Items listed in a dataset

----------

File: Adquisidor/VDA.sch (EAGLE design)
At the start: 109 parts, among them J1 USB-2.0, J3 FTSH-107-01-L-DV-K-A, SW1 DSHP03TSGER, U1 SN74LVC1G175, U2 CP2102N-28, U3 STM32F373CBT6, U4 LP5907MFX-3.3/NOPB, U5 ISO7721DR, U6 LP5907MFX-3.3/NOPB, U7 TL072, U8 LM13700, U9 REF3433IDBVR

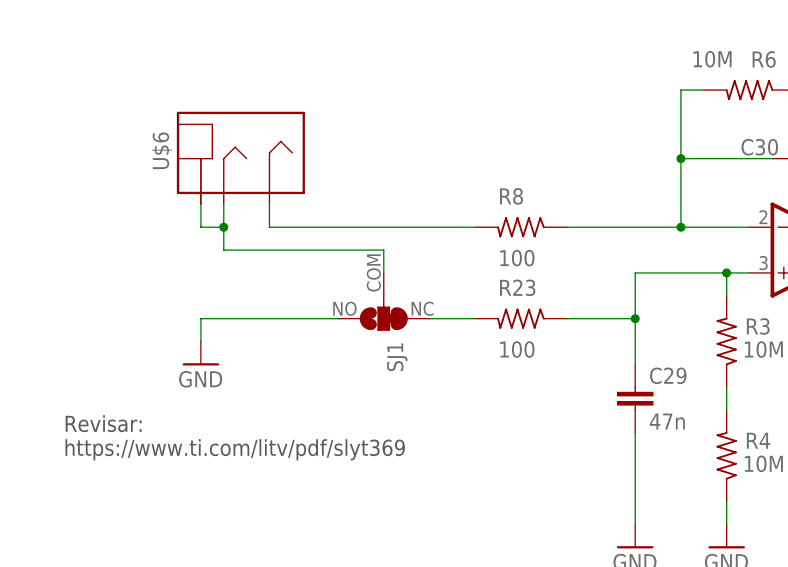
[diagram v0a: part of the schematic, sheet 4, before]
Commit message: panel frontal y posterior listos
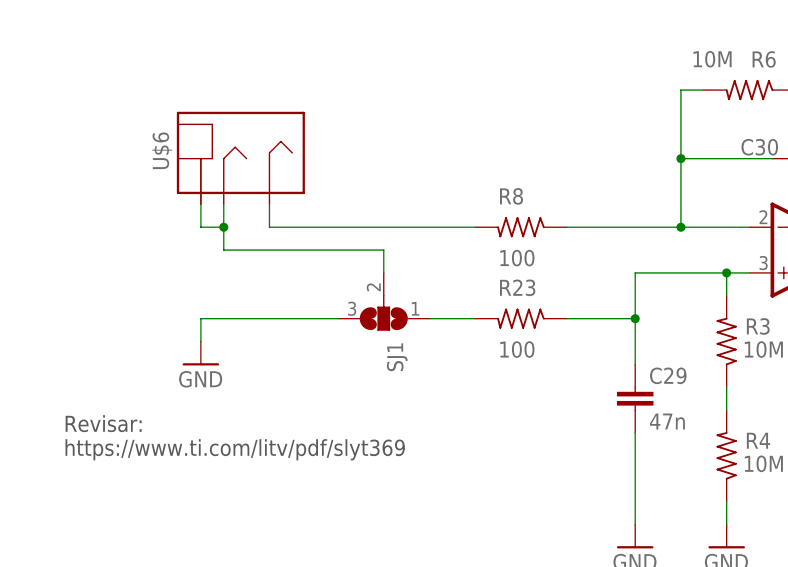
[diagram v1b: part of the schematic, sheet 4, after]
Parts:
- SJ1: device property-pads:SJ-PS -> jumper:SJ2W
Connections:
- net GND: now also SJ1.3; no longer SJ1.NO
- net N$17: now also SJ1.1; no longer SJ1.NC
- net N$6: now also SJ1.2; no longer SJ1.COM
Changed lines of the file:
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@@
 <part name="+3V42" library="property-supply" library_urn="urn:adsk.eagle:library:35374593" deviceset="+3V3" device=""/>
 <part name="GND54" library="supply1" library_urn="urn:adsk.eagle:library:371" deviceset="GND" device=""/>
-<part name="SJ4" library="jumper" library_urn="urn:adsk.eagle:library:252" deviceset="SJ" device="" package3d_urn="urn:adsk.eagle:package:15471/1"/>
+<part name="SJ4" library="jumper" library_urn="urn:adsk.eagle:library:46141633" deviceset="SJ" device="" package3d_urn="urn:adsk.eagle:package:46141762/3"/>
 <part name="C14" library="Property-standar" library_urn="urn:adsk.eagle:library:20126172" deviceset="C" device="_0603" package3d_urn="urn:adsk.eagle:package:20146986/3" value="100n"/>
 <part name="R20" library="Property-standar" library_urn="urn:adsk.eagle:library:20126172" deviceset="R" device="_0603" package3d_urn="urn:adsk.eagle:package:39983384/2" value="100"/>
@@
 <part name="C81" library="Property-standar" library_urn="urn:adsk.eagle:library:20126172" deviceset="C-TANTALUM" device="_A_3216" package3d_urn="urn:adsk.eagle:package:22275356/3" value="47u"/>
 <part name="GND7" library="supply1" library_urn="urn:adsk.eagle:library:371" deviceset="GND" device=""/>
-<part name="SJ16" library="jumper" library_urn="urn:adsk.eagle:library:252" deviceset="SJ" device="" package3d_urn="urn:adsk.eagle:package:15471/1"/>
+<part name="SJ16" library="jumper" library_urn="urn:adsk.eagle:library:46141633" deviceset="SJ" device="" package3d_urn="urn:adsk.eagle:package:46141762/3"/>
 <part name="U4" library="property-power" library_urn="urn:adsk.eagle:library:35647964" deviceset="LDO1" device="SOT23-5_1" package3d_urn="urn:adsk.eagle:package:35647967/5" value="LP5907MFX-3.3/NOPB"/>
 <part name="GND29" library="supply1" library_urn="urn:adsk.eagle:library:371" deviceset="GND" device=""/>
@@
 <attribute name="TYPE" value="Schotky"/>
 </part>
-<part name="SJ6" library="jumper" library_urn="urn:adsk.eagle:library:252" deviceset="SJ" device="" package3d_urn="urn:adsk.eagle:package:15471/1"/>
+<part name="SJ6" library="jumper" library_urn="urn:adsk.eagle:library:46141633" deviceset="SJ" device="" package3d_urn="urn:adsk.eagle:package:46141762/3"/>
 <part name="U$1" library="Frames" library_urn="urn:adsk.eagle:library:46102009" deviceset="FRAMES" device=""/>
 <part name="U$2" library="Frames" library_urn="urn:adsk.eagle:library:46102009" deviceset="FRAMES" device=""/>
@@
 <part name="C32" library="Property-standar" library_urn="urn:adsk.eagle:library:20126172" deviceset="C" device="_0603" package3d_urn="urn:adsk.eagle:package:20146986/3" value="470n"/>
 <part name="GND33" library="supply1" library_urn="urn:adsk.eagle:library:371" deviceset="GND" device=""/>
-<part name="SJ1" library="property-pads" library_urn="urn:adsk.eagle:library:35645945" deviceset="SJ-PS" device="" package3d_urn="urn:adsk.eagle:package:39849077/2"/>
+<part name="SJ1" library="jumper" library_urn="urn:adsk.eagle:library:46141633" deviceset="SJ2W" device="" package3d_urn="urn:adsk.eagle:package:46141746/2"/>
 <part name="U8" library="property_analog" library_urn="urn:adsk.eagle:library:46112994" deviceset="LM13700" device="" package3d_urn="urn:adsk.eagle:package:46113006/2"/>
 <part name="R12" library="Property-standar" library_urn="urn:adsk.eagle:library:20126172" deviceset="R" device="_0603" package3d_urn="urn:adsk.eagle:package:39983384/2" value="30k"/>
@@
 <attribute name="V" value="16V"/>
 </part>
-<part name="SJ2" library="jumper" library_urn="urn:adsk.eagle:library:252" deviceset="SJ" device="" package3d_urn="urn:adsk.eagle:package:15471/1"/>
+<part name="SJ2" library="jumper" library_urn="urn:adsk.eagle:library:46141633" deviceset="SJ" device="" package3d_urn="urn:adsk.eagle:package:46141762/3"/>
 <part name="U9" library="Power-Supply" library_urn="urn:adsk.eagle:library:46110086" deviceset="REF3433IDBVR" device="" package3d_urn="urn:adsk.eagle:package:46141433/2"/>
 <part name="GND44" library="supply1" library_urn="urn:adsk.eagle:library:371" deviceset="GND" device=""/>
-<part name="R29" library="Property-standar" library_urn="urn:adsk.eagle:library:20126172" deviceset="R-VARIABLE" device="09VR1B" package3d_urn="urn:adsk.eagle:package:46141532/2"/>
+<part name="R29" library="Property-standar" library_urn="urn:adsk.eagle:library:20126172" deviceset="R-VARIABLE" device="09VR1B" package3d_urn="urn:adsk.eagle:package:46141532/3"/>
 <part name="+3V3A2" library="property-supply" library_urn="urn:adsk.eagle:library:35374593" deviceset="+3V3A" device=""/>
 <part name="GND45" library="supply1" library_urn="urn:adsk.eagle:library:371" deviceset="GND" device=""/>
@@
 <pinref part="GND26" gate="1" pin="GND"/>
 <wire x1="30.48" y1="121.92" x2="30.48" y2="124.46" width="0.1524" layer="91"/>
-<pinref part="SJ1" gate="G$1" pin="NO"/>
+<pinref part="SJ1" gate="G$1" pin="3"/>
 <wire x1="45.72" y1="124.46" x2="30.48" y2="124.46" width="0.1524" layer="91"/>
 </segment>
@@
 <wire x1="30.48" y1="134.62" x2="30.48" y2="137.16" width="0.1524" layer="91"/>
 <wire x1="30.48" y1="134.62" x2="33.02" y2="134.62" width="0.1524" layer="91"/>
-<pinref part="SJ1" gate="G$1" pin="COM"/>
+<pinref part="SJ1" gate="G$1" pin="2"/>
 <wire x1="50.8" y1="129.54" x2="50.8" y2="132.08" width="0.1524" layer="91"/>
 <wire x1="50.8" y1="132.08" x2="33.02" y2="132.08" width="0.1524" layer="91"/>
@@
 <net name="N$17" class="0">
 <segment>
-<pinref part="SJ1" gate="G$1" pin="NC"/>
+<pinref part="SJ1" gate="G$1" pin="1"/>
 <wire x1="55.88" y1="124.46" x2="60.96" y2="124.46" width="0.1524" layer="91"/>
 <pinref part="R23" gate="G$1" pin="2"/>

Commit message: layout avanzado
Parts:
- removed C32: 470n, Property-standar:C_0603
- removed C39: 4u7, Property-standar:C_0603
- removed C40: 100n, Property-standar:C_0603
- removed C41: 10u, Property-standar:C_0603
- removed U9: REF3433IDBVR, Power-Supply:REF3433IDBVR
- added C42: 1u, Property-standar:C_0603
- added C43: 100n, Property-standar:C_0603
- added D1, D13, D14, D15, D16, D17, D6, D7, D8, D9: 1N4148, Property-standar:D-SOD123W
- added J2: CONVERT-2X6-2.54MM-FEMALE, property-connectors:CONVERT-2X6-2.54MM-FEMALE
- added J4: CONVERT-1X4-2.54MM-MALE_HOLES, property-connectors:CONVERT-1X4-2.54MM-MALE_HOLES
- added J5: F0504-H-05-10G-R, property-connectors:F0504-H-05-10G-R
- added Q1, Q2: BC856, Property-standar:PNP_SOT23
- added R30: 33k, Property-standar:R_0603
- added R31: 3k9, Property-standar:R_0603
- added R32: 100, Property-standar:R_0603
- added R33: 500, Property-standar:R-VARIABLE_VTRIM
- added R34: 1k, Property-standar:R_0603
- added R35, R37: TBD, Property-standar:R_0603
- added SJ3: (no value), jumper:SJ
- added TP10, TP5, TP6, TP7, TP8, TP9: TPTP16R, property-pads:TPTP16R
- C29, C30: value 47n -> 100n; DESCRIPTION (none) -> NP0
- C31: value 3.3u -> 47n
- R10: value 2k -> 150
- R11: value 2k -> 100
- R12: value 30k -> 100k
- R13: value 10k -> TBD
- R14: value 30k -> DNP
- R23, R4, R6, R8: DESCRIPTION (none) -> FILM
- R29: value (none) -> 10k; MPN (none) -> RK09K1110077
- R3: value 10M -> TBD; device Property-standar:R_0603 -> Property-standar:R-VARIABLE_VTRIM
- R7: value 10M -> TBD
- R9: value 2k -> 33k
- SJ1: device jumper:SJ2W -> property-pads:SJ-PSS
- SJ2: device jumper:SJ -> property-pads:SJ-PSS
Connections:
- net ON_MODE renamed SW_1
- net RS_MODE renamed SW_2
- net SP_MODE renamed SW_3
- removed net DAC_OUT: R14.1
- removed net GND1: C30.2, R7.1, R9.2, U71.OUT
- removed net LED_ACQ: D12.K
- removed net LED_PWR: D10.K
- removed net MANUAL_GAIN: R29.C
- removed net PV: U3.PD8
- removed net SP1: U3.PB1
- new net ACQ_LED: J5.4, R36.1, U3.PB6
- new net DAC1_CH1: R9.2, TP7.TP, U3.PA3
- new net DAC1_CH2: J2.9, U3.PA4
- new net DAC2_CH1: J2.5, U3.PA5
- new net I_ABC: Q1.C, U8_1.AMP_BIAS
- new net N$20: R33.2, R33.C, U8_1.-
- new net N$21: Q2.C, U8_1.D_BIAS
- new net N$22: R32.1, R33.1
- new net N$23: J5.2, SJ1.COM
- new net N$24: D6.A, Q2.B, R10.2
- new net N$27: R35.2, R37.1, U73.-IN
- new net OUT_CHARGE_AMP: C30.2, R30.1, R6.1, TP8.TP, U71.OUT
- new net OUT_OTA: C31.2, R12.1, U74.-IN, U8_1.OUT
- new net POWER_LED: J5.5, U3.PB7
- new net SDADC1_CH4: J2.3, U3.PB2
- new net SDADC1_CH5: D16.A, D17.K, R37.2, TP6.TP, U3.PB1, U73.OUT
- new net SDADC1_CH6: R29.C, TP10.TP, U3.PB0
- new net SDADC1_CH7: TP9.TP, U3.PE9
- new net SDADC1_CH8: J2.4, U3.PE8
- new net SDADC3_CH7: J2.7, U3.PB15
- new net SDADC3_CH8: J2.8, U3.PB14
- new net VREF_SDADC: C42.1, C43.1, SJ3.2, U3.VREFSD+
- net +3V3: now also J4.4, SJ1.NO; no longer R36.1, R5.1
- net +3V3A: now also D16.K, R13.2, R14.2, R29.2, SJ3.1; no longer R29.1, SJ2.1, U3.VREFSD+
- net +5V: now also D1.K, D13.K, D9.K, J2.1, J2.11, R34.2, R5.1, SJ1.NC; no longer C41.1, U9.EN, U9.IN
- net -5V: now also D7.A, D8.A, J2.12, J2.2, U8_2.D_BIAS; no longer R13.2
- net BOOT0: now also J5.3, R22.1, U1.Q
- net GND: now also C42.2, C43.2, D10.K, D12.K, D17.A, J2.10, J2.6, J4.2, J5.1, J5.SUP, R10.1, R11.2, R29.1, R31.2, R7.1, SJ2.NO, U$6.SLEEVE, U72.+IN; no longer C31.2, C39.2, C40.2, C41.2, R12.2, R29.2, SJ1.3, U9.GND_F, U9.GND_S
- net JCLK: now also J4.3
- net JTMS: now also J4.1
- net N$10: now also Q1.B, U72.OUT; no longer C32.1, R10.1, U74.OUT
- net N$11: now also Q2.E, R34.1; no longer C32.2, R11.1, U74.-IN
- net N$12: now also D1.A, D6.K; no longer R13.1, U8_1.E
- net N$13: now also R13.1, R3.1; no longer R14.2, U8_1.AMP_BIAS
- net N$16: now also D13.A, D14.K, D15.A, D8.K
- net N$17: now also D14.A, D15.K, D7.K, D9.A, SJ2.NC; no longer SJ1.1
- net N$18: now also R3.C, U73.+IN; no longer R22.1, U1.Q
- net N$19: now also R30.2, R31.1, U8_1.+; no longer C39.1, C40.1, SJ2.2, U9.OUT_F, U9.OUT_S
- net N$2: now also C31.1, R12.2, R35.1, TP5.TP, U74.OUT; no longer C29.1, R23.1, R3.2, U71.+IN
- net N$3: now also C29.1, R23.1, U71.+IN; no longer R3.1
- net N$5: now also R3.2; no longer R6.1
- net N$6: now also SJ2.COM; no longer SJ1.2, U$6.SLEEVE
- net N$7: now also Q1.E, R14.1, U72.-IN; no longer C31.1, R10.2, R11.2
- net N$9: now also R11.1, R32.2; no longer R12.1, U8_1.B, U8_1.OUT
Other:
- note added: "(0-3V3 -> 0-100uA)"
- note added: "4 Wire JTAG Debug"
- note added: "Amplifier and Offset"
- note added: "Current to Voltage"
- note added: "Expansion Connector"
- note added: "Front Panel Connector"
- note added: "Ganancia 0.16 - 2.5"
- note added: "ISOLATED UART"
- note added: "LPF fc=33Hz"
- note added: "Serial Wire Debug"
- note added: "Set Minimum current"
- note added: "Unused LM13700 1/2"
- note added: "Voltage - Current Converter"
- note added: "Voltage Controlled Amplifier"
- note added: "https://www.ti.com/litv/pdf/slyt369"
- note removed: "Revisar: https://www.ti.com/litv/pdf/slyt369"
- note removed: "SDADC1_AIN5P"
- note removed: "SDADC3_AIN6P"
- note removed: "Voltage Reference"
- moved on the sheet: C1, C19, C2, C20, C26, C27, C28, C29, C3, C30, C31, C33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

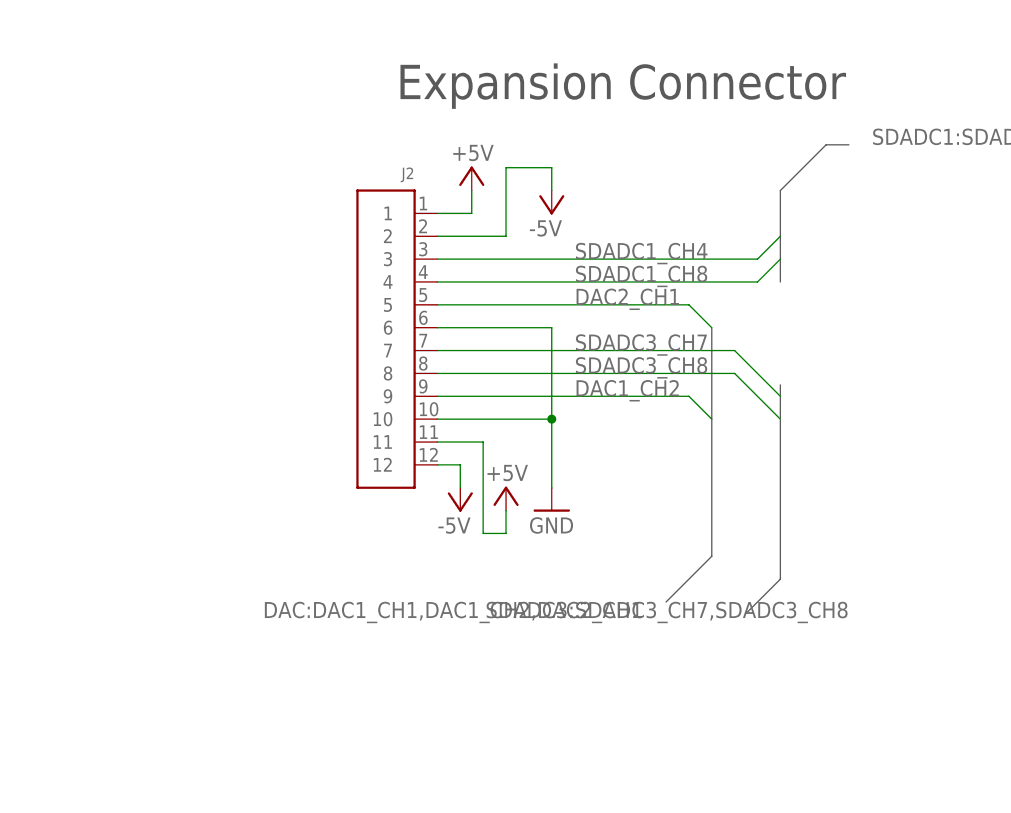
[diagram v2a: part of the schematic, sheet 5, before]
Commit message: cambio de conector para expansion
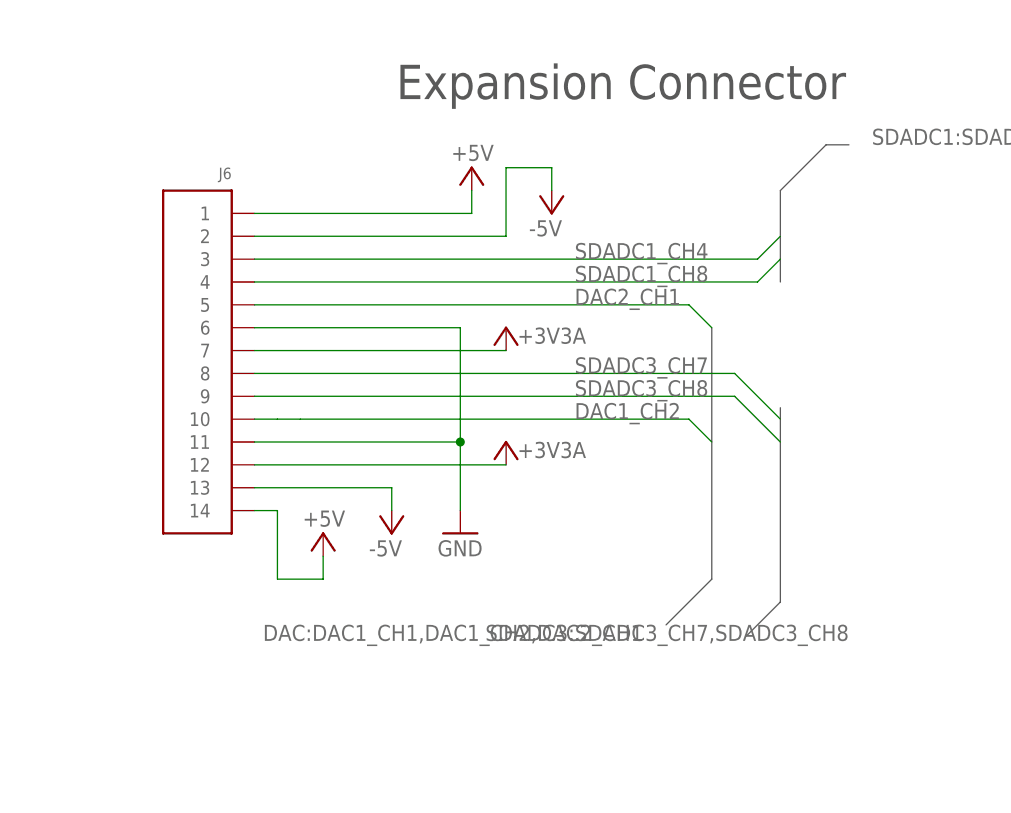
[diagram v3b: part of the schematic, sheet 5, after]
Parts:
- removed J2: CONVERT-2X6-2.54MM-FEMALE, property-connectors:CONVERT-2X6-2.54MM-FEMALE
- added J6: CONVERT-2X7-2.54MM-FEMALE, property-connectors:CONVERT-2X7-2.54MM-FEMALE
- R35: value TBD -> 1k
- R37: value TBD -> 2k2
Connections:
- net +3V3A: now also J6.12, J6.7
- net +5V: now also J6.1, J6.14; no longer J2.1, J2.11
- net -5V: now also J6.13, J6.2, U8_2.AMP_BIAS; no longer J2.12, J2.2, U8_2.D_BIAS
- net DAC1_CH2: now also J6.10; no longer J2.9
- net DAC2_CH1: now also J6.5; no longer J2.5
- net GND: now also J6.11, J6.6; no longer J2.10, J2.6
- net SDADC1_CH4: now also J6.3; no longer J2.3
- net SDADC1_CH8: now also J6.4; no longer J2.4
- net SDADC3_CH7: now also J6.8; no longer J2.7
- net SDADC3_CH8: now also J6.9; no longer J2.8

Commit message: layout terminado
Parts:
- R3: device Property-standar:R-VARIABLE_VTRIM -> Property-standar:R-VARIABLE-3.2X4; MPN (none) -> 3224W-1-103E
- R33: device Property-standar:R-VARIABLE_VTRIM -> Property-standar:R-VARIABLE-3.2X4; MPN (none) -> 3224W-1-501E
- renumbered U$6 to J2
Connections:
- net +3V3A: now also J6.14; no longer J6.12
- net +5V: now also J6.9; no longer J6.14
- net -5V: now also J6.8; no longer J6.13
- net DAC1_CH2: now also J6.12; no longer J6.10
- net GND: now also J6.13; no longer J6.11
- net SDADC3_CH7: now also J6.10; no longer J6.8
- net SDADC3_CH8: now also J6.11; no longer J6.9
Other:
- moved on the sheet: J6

----------

» Task requirements:
Every line in the data that holds the string "message" should be copied.

» Solution to the problem:
Commit message: panel frontal y posterior listos
Commit message: layout avanzado
Commit message: cambio de conector para expansion
Commit message: layout terminado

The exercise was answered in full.